Summary of Methods of Solving Higher Order Linear Differential Equations
Summary of Methods of Solving Higher Order Linear Differential Equations
jmh These are my notes on how to use the methods of Chatpers 4 and 5 from the book.
Homogenous Linear Differential Equations
Constant Coefficients
For equations of the form:
\[a_ny^{(n)} + a_{(n-1)}y^{(n-1)} + \cdots + a_1y' + a_0y = 0,\]where $a_0,a_1,\cdots,a_n$ are constants and $a_n \neq 0$
Find the complementary function $y_c$ by solving the characteristic equation
Nonconstant Coefficients
For equations of the form:
\[f_n(x)y^{(n)} + f_{(n-1)}(x)y^{(n-1)} + \cdots + f_1(x)y' + f_0(x)y = 0,\]Follow the method of reduction of order.
Nonhomogenous Linear Differential Equations
For equations of the form:
\[f_n(x)y^{(n)} + f_{(n-1)}(x)y^{(n-1)} + \cdots + f_1(x)y' + f_0(x)y = Q(x),\]We have a few choices here.
Method of Undetermined Coefficients
The method of Undetermined Coefficients works provided we have an equation of the form:
\[a_ny^{(n)} + a_{(n-1)}y^{(n-1)} + \cdots + a_1y' + a_0y = Q(x)\]where $a_0, a_1, \cdots, a_n$ are constants and $Q(x)$ consists of functions that have finitely many linearly independent derivatives. That means $Q(x)$ can only contain terms like $a, x^k, e^{ax}, \sin{ax}, \cos{ax}$ and the sums and products of these functions.
One downside to this method is that you have to find the first $n$th derivatives of $Q(x)$, which can be a pain if there are products.
Method of Variation of Parameters
The method of Variation of Paramaters can be used for equations of the form
\[a_ny^{(n)} + a_{(n-1)}y^{(n-1)} + \cdots + a_1y' + a_0y = Q(x)\]However, where the method of undetermined coefficients requires that $Q(x)$ has finitely many linearly independent derivatives, the method of variation of parameters does not. The book only covers this method for 2nd order linear differential equations, and points out that if $Q(x)$ does have finitely many linearly independent derivatives, that the method of undetermined coefficients is usually easier.
Method of Reduction of Order
For equations of the form
\[f_n(x)y^{(n)} + f_{(n-1)}(x)y^{(n-1)} + \cdots + f_1(x)y' + f_0(x)y = Q(x),\]where the coefficients and $Q(x)$ are continuous functions of $x$ on a common interval $I$ and $f_n(x) \neq 0$, we can use the method of reduction of order.
However, we we must know $n - 1$ independent solutions of the equation already, and there is no garauntee the solutions found will be expressible via elementary functions.
Solution by Differential Operators
We can solve differential equations of the form
yy\(a_ny^{(n)} + a_{(n-1)}y^{(n-1)} + \cdots + a_1y' + a_0y = Q(x)\)
via differential operators.

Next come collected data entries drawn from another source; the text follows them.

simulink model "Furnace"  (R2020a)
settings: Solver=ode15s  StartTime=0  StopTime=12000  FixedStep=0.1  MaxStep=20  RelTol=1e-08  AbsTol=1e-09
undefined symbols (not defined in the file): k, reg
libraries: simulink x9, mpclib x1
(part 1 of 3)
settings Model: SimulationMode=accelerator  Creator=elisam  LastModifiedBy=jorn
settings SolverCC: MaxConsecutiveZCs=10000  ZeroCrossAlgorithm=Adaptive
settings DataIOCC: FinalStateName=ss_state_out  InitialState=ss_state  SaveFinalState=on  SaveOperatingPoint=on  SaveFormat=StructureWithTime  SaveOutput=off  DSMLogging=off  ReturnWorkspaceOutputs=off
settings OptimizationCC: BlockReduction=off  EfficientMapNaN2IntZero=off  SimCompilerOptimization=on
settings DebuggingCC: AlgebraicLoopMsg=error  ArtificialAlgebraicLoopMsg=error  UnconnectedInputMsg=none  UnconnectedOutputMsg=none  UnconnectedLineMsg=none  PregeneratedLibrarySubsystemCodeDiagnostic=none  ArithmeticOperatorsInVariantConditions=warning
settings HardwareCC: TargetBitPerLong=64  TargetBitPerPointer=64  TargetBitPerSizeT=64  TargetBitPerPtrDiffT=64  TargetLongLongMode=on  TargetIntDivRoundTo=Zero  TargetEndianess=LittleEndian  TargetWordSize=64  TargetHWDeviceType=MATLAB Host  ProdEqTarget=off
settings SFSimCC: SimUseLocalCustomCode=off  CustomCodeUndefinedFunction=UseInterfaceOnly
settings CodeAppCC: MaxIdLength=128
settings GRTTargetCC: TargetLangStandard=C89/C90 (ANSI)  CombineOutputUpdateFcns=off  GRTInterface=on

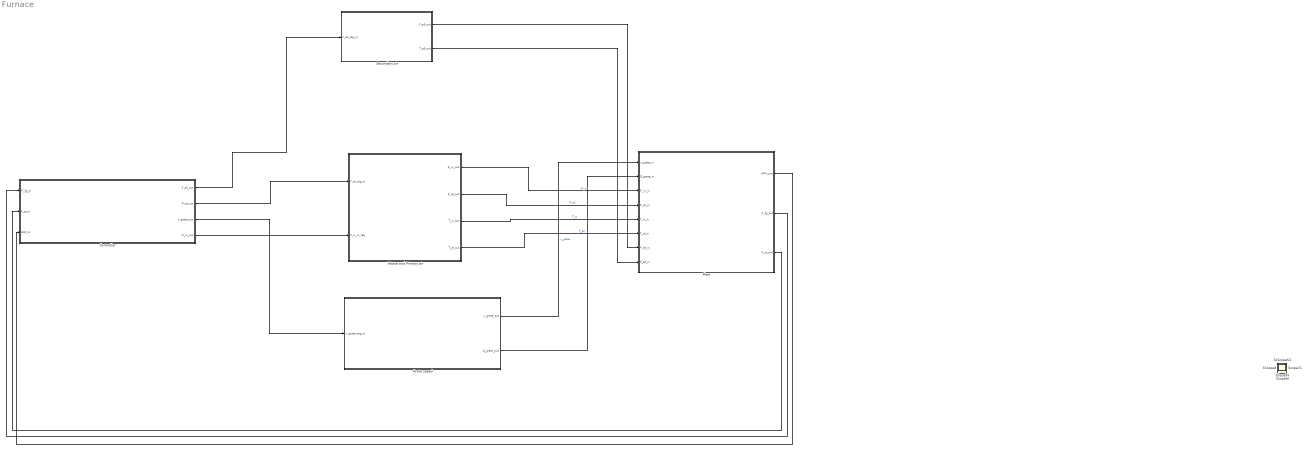
== system Furnace ==
  Controller : Subsystem
  Grate speed : Subsystem
  Plant : Subsystem
  Secondary air : Subsystem
      mask Display: image('airflow.jpeg');
  Waste and Primary air : Subsystem
      mask Display: image('waste_in.jpg');
  Scope{,1..15,17..21} (21 alike) : Scope
  wires:
  Controller/1(F_aII_out) -> Secondary air/1(F_aII_reg_in)
  Controller/2(Fi_aI_out) -> Waste and Primary air/1("F_aI_reg_in ")
  Controller/3(v_grate_out) -> Grate speed/1(v_grate_reg_in)
  Controller/4(Fi_w_out) -> Waste and Primary air/2(F_w_in_reg)
  Grate speed/1(v_grate_out) -> Plant/1(v_grate_in)  "v_grate"
  Grate speed/2(Q_grate_out) -> Plant/2(Q_grate_in)
  Plant/2(F_fg_out) -> Controller/1(Fi_fg_in)
  Plant/3(F_st_out) -> Controller/2(F_st_in)
  Waste and Primary air/1(Fi_w_out) -> Plant/3(Fi_w_in)  "Fi_w"
  Waste and Primary air/2(Fi_aI_out) -> Plant/4(Fi_aI_in)  "Fi_aI"
  Waste and Primary air/3(T_w_out) -> Plant/5(T_w_in)  "T_w"
  Waste and Primary air/4(T_aI_out) -> Plant/6(T_aI_in)  "T_aI"
  Secondary air/1(F_aII_out) -> Plant/7(F_aII_in)
  Secondary air/2(T_aII_out) -> Plant/8(T_aII_in)
  Plant/1(HHV_out) -> Controller/3(HHV_in)

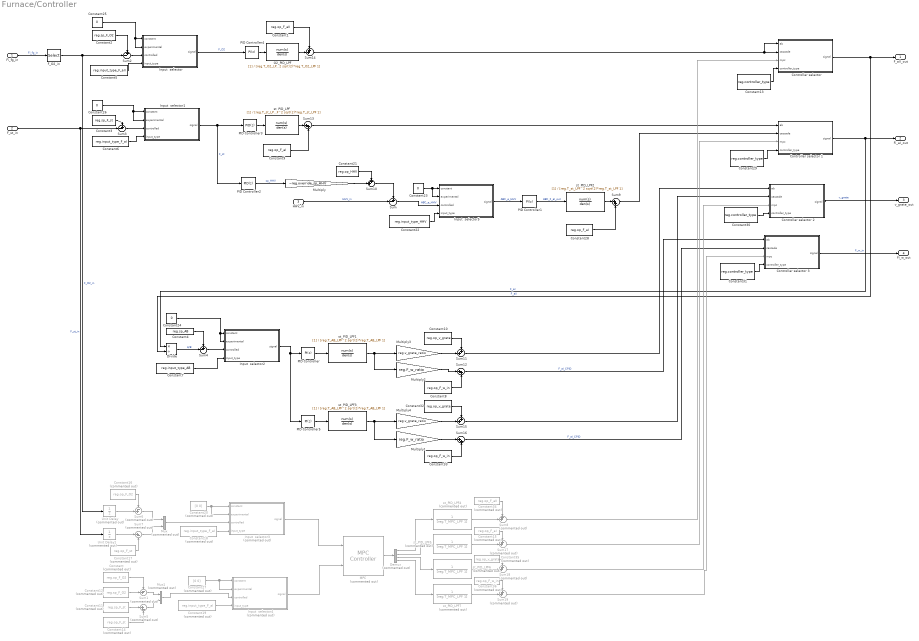
== system Furnace/Controller ==
  Fi_fg_in : Inport
  F_st_in : Inport  Port=2
  HHV_in : Inport  Port=3
  Constant : Constant  Commented=on  Value=reg.op_F_O2
  Constant1 : Constant  Value=reg.op_F_aII
  Constant10 : Constant  Value=reg.op_v_grate
  Constant11 : Constant  Commented=on  Value=reg.sp_F_st
  Constant12 : Constant  Commented=on  Value=reg.sp_F_O2
  Constant{13,29..31} (4 alike) : Constant  Value=reg.controller_type
  Constant14 : Constant  Commented=on  Value=reg.op_F_st
  Constant15 : Constant  Commented=on  Value=reg.op_F_aI
  Constant16 : Constant  Commented=on  Value=reg.op_F_O2
  Constant17 : Constant  Commented=on  Value=reg.op_F_st
  Constant18 : Constant  Commented=on  Value=reg.input_type_F_aI
  Constant19 : Constant  Commented=on  Value=reg.input_type_F_aI
  Constant2 : Constant  Value=reg.sp_F_O2
  Constant20 : Constant  Commented=on  Value=[0 0]
  Constant21 : Constant  Value=reg.op_HHV
  Constant22 : Constant  Value=reg.input_type_HHV
  Constant{23..26} (4 alike) : Constant  Value=0
  Constant27 : Constant  Commented=on  Value=[0 0]
  Constant28 : Constant  Value=reg.op_F_aI
  Constant3 : Constant  Value=reg.sp_F_st
  Constant32 : Constant  Value=reg.op_v_grate
  Constant33 : Constant  Value=reg.op_F_w_in
  Constant34 : Constant  Commented=on  Value=reg.op_F_aII
  Constant35 : Constant  Commented=on  Value=reg.op_v_grate
  Constant36 : Constant  Commented=on  Value=reg.op_F_w_in
  Constant4 : Constant  Value=reg.sp_AB
  Constant5 : Constant  Value=reg.input_type_F_aII
  Constant6 : Constant  Value=reg.input_type_F_aI
  Constant7 : Constant  Value=reg.input_type_AB
  Constant8 : Constant  Value=reg.op_F_w_in
  Constant9 : Constant  Value=reg.op_F_aI
  "Controller selector " : MATLAB Function  TreatAsAtomicUnit=on
  Controller selector 1 : MATLAB Function  TreatAsAtomicUnit=on
  Controller selector 2 : MATLAB Function  TreatAsAtomicUnit=on
  Controller selector 3 : MATLAB Function  TreatAsAtomicUnit=on
  Demux : Demux  Commented=on
  Divide : Product  Inputs=*/  OutMin=[-100]  OutMax=[100]
  F_O2_in : Selector  InputPortWidth=12  IndexOptions=Index vector (dialog)  Indices=[4]  OutputSizes=1
  Input  selector : MATLAB Function  TreatAsAtomicUnit=on
  Input  selector1 : MATLAB Function  TreatAsAtomicUnit=on
  Input  selector2 : MATLAB Function  TreatAsAtomicUnit=on
  Input  selector3 : MATLAB Function  Commented=on  TreatAsAtomicUnit=on
  Input  selector4 : MATLAB Function  Commented=on  TreatAsAtomicUnit=on
  Input  selector5 : MATLAB Function  TreatAsAtomicUnit=on
  MPC : mpclib/MPC Controller  Commented=on  SCDEnableBlockLinearizationSpecification=on  mpcobj=lmpc  is_multiple=0  enable_value=0  return_u0=off  updateMPCinCallerWorkspace=on  md_inport=off  mv_inport=off  uref_inport=off  return_cost=off  return_mvseq=off  return_qpstatus=off  return_xseq=off  return_state=off  return_ovseq=off  state_inport=off  umin_inport=off  umax_inport=off  ymin_inport=off  ymax_inport=off  cc_inport=off  ywt_inport=off  uwt_inport=off  duwt_inport=off  rhoeps_inport=off  pm_inport=off  MaximumP=10  HorizonChoice=FixedHorizon  n_ts=20  n_p=50  n_mv=4  n_md=0  n_ud=0  n_mo=2  n_uo=0  BlockDataType=double  SampleTimeInherited=off  switch_inport=off
  Multiply : Gain  Gain=~reg.override_sp_HHV
  Multiply1 : Gain  Gain=reg.F_w_ratio
  Multiply2 : Gain  Gain=reg.F_w_ratio
  Multiply3 : Gain  Gain=reg.v_grate_ratio
  Multiply4 : Gain  Gain=reg.v_grate_ratio
  Mux : Mux  Commented=on  Inputs=2
  Mux1 : Mux  Commented=on  Inputs=2
  O2_PID_LPF : TransferFcn  Denominator=[reg.T_O2_LPF^2 sqrt(2)*reg.T_O2_LPF 1]
  PID Controller : simulink/Continuous/PID Controller  Controller=PI  Form=Parallel  TimeDomain=Discrete-time  UseExternalTs=off  SampleTime=1  IntegratorMethod=Forward Euler  FilterMethod=Forward Euler  ControllerParametersSource=internal  P=reg.Kp_AB  I=reg.Ki_AB  D=0  UseFilter=on  N=100  TunerSelectOption=Transfer Function Based (PID Tuner App)  InitialConditionSource=internal  InitialConditionForIntegrator=0  InitialConditionForFilter=0  DifferentiatorICPrevScaledInput=0  ExternalReset=none  TrackingMode=off  Kt=1  LimitOutput=off  UpperSaturationLimit=inf  LowerSaturationLimit=-inf  LinearizeAsGain=on  AntiWindupMode=none  Kb=1  POutMin=[]  POutMax=[]  IOutMin=[]  IOutMax=[]  DOutMin=[]  DOutMax=[]  NOutMin=[]  NOutMax=[]  SumOutMin=[]  SumOutMax=[]  SaturationOutMin=[]  SaturationOutMax=[]  PParamMin=[]  PParamMax=[]  IParamMin=[]  IParamMax=[]  DParamMin=[]  DParamMax=[]  NParamMin=[]  NParamMax=[]  KbParamMin=[]  KbParamMax=[]  KtParamMin=[]  KtParamMax=[]  KbOutMin=[]  KbOutMax=[]  KtOutMin=[]  KtOutMax=[]  IntegratorOutMin=[]  IntegratorOutMax=[]  FilterOutMin=[]  FilterOutMax=[]  SumI1OutMin=[]  SumI1OutMax=[]  SumI2OutMin=[]  SumI2OutMax=[]  SumI3OutMin=[]  SumI3OutMax=[]  SumI4OutMin=[]  SumI4OutMax=[]  SumDOutMin=[]  SumDOutMax=[]  DifferentiatorOutMin=[]  DifferentiatorOutMax=[]  FilterDiffOutCoefMin=[]  FilterDiffOutCoefMax=[]  ReciprocalOutMin=[]  ReciprocalOutMax=[]  SumDenOutMin=[]  SumDenOutMax=[]  SumNumOutMin=[]  SumNumOutMax=[]  DivideOutMin=[]  DivideOutMax=[]  UdiffTsProdOutMin=[]  UdiffTsProdOutMax=[]  NTsProdOutMin=[]  NTsProdOutMax=[]  UintegralTsProdOutMin=[]  UintegralTsProdOutMax=[]  UngainTsProdOutMin=[]  UngainTsProdOutMax=[]  IntegratorContinuousStateAttributes=''  IntegratorStateMustResolveToSignalObject=off  IntegratorRTWStateStorageClass=Auto  FilterContinuousStateAttributes=''  FilterStateMustResolveToSignalObject=off  FilterRTWStateStorageClass=Auto  ParallelPVariant=InternalParameters  IdealPVariant=Disabled  IVariant=InternalParameters  DVariant=Disabled  IntegratorVariant=Discrete  SatVariant=Disabled  AWVariant=Passthrough  PCopyVariant=Disabled  TRVariant=Disabled  FdbkBlocksVariant=Forward  IdealPFdbkVariant=Disabled  SatFdbkVariant=Disabled  DerivativeFilterVariant=Disabled  NVariant=Disabled  NCopyVariant=Disabled_SignalSpec  FilterICVariant=Disabled  IntegratorICVariant=InternalICs  ExternalResetVariant=Disabled  TRSumVariant=Passthrough  SumFdbkVariant=Disabled  SumVariant=Sum_PI  TsampFilterVariant=InternalTs  TsampNgainVariant=Passthrough  TsampIntegralVariant=Passthrough
  PID Controller1 : simulink/Continuous/PID Controller  Controller=PI  Form=Parallel  TimeDomain=Discrete-time  UseExternalTs=off  SampleTime=1  IntegratorMethod=Forward Euler  FilterMethod=Forward Euler  ControllerParametersSource=internal  P=reg.Kp_HHV  I=reg.Ki_HHV  D=0  UseFilter=on  N=100  TunerSelectOption=Transfer Function Based (PID Tuner App)  InitialConditionSource=internal  InitialConditionForIntegrator=0  InitialConditionForFilter=0  DifferentiatorICPrevScaledInput=0  ExternalReset=none  TrackingMode=off  Kt=1  LimitOutput=off  UpperSaturationLimit=inf  LowerSaturationLimit=-inf  LinearizeAsGain=on  AntiWindupMode=none  Kb=1  POutMin=[]  POutMax=[]  IOutMin=[]  IOutMax=[]  DOutMin=[]  DOutMax=[]  NOutMin=[]  NOutMax=[]  SumOutMin=[]  SumOutMax=[]  SaturationOutMin=[]  SaturationOutMax=[]  PParamMin=[]  PParamMax=[]  IParamMin=[]  IParamMax=[]  DParamMin=[]  DParamMax=[]  NParamMin=[]  NParamMax=[]  KbParamMin=[]  KbParamMax=[]  KtParamMin=[]  KtParamMax=[]  KbOutMin=[]  KbOutMax=[]  KtOutMin=[]  KtOutMax=[]  IntegratorOutMin=[]  IntegratorOutMax=[]  FilterOutMin=[]  FilterOutMax=[]  SumI1OutMin=[]  SumI1OutMax=[]  SumI2OutMin=[]  SumI2OutMax=[]  SumI3OutMin=[]  SumI3OutMax=[]  SumI4OutMin=[]  SumI4OutMax=[]  SumDOutMin=[]  SumDOutMax=[]  DifferentiatorOutMin=[]  DifferentiatorOutMax=[]  FilterDiffOutCoefMin=[]  FilterDiffOutCoefMax=[]  ReciprocalOutMin=[]  ReciprocalOutMax=[]  SumDenOutMin=[]  SumDenOutMax=[]  SumNumOutMin=[]  SumNumOutMax=[]  DivideOutMin=[]  DivideOutMax=[]  UdiffTsProdOutMin=[]  UdiffTsProdOutMax=[]  NTsProdOutMin=[]  NTsProdOutMax=[]  UintegralTsProdOutMin=[]  UintegralTsProdOutMax=[]  UngainTsProdOutMin=[]  UngainTsProdOutMax=[]  IntegratorContinuousStateAttributes=''  IntegratorStateMustResolveToSignalObject=off  IntegratorRTWStateStorageClass=Auto  FilterContinuousStateAttributes=''  FilterStateMustResolveToSignalObject=off  FilterRTWStateStorageClass=Auto  ParallelPVariant=InternalParameters  IdealPVariant=Disabled  IVariant=InternalParameters  DVariant=Disabled  IntegratorVariant=Discrete  SatVariant=Disabled  AWVariant=Passthrough  PCopyVariant=Disabled  TRVariant=Disabled  FdbkBlocksVariant=Forward  IdealPFdbkVariant=Disabled  SatFdbkVariant=Disabled  DerivativeFilterVariant=Disabled  NVariant=Disabled  NCopyVariant=Disabled_SignalSpec  FilterICVariant=Disabled  IntegratorICVariant=InternalICs  ExternalResetVariant=Disabled  TRSumVariant=Passthrough  SumFdbkVariant=Disabled  SumVariant=Sum_PI  TsampFilterVariant=InternalTs  TsampNgainVariant=Passthrough  TsampIntegralVariant=Passthrough
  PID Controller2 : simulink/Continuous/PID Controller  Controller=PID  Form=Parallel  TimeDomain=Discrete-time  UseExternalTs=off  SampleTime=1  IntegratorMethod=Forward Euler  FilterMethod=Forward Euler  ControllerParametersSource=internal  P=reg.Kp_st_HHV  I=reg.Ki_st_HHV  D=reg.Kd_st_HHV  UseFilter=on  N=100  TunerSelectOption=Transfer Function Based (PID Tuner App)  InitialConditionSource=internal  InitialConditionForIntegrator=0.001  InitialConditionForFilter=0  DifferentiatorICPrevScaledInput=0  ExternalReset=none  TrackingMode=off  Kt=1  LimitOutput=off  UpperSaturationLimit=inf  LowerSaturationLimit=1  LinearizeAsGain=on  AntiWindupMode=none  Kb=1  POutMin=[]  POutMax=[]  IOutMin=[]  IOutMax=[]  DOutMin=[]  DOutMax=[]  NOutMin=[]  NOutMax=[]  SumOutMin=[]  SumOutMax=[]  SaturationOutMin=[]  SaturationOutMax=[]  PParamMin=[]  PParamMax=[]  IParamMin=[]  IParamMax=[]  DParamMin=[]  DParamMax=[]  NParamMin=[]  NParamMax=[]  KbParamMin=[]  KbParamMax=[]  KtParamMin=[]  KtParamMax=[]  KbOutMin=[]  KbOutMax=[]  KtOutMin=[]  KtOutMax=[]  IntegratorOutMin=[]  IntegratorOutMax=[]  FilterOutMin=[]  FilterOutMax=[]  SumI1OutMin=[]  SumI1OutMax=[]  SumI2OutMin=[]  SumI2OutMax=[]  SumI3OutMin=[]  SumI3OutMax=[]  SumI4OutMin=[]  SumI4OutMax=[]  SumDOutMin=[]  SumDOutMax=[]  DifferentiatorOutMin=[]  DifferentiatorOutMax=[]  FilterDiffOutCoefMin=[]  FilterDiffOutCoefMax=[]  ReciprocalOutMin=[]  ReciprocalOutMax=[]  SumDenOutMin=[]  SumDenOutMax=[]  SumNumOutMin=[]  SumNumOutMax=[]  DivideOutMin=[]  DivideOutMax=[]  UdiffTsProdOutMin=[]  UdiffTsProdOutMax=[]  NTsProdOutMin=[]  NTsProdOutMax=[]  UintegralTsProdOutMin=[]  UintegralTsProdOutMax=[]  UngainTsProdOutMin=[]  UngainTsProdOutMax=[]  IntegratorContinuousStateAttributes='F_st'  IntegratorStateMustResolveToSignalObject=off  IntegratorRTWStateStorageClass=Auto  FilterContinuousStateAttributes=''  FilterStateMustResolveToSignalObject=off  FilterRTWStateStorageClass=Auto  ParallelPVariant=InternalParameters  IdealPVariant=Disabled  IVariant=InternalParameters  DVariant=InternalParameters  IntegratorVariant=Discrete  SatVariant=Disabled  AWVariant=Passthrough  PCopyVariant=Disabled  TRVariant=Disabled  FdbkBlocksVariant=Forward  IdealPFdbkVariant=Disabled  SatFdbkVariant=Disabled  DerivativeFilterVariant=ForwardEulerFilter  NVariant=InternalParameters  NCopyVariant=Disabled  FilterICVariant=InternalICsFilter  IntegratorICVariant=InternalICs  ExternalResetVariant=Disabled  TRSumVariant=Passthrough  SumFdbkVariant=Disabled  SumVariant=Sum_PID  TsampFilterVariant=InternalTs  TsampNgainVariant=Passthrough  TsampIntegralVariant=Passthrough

We can use this method on its own to find the general solution or to find a particular solution after finding the complementary function by solving the characteristic equation.
It’s not really clear to me when this method is advantageous to use. I’m also not sure what restrictions apply to coefficients and to $Q(x)$ - the book isn’t clear.
Solution by Inverse Differential Operators
We can use Inverse Differential Operators to find a particular solution under the same conditions that apply for the method of undetermined coefficients (constant coefficients, finitely many linearly independent derivatives of $Q(x)$. This method can often be simpler than other methods for finding particular solutions.
See also Partial Fraction Decomposition of Inverse Operators.
Note on shifted sin or cos in Q(x)
(jmh) I believe and have used this fact but haven’t proven it. When $Q(x) = b\sin{(ax+\delta)}$, we can treat it like $b\sin{(ax)}$ and solve using methods like that and then add the $\delta$ term back into $\sin$ and $\cos$ functions in the solution. My reasoning is that $\delta$ is just a horizontal shift of the forcing function. The shift doesn’t change the essential nature of its solutions, because each derivative of $Q(x)$ has the same shift, and the shift never comes out of the $\sin$ function to show up other places in the solution. The same thing applies for $b\cos{(ax+\delta)}$ in $Q(x)$.
Solution by Laplace Transforms
We can use Laplace Transforms to solve differential equations given initial conditions.
We can apply this method when solving differential equations of the form:
\[a_ny^{(n)}(x) + a_{(n-1)}y^{(n-1)}(x) + \cdots + a_1y'(x) + a_0y(x) = f(x),\]where $a_0, a_1, \cdots, a_n$ are constants and we have initial conditions $y(0), y’(0), y^{(2)}, \cdots, y^{(n)}$ (or conditions that can be translated to initial conditions via translation of axes).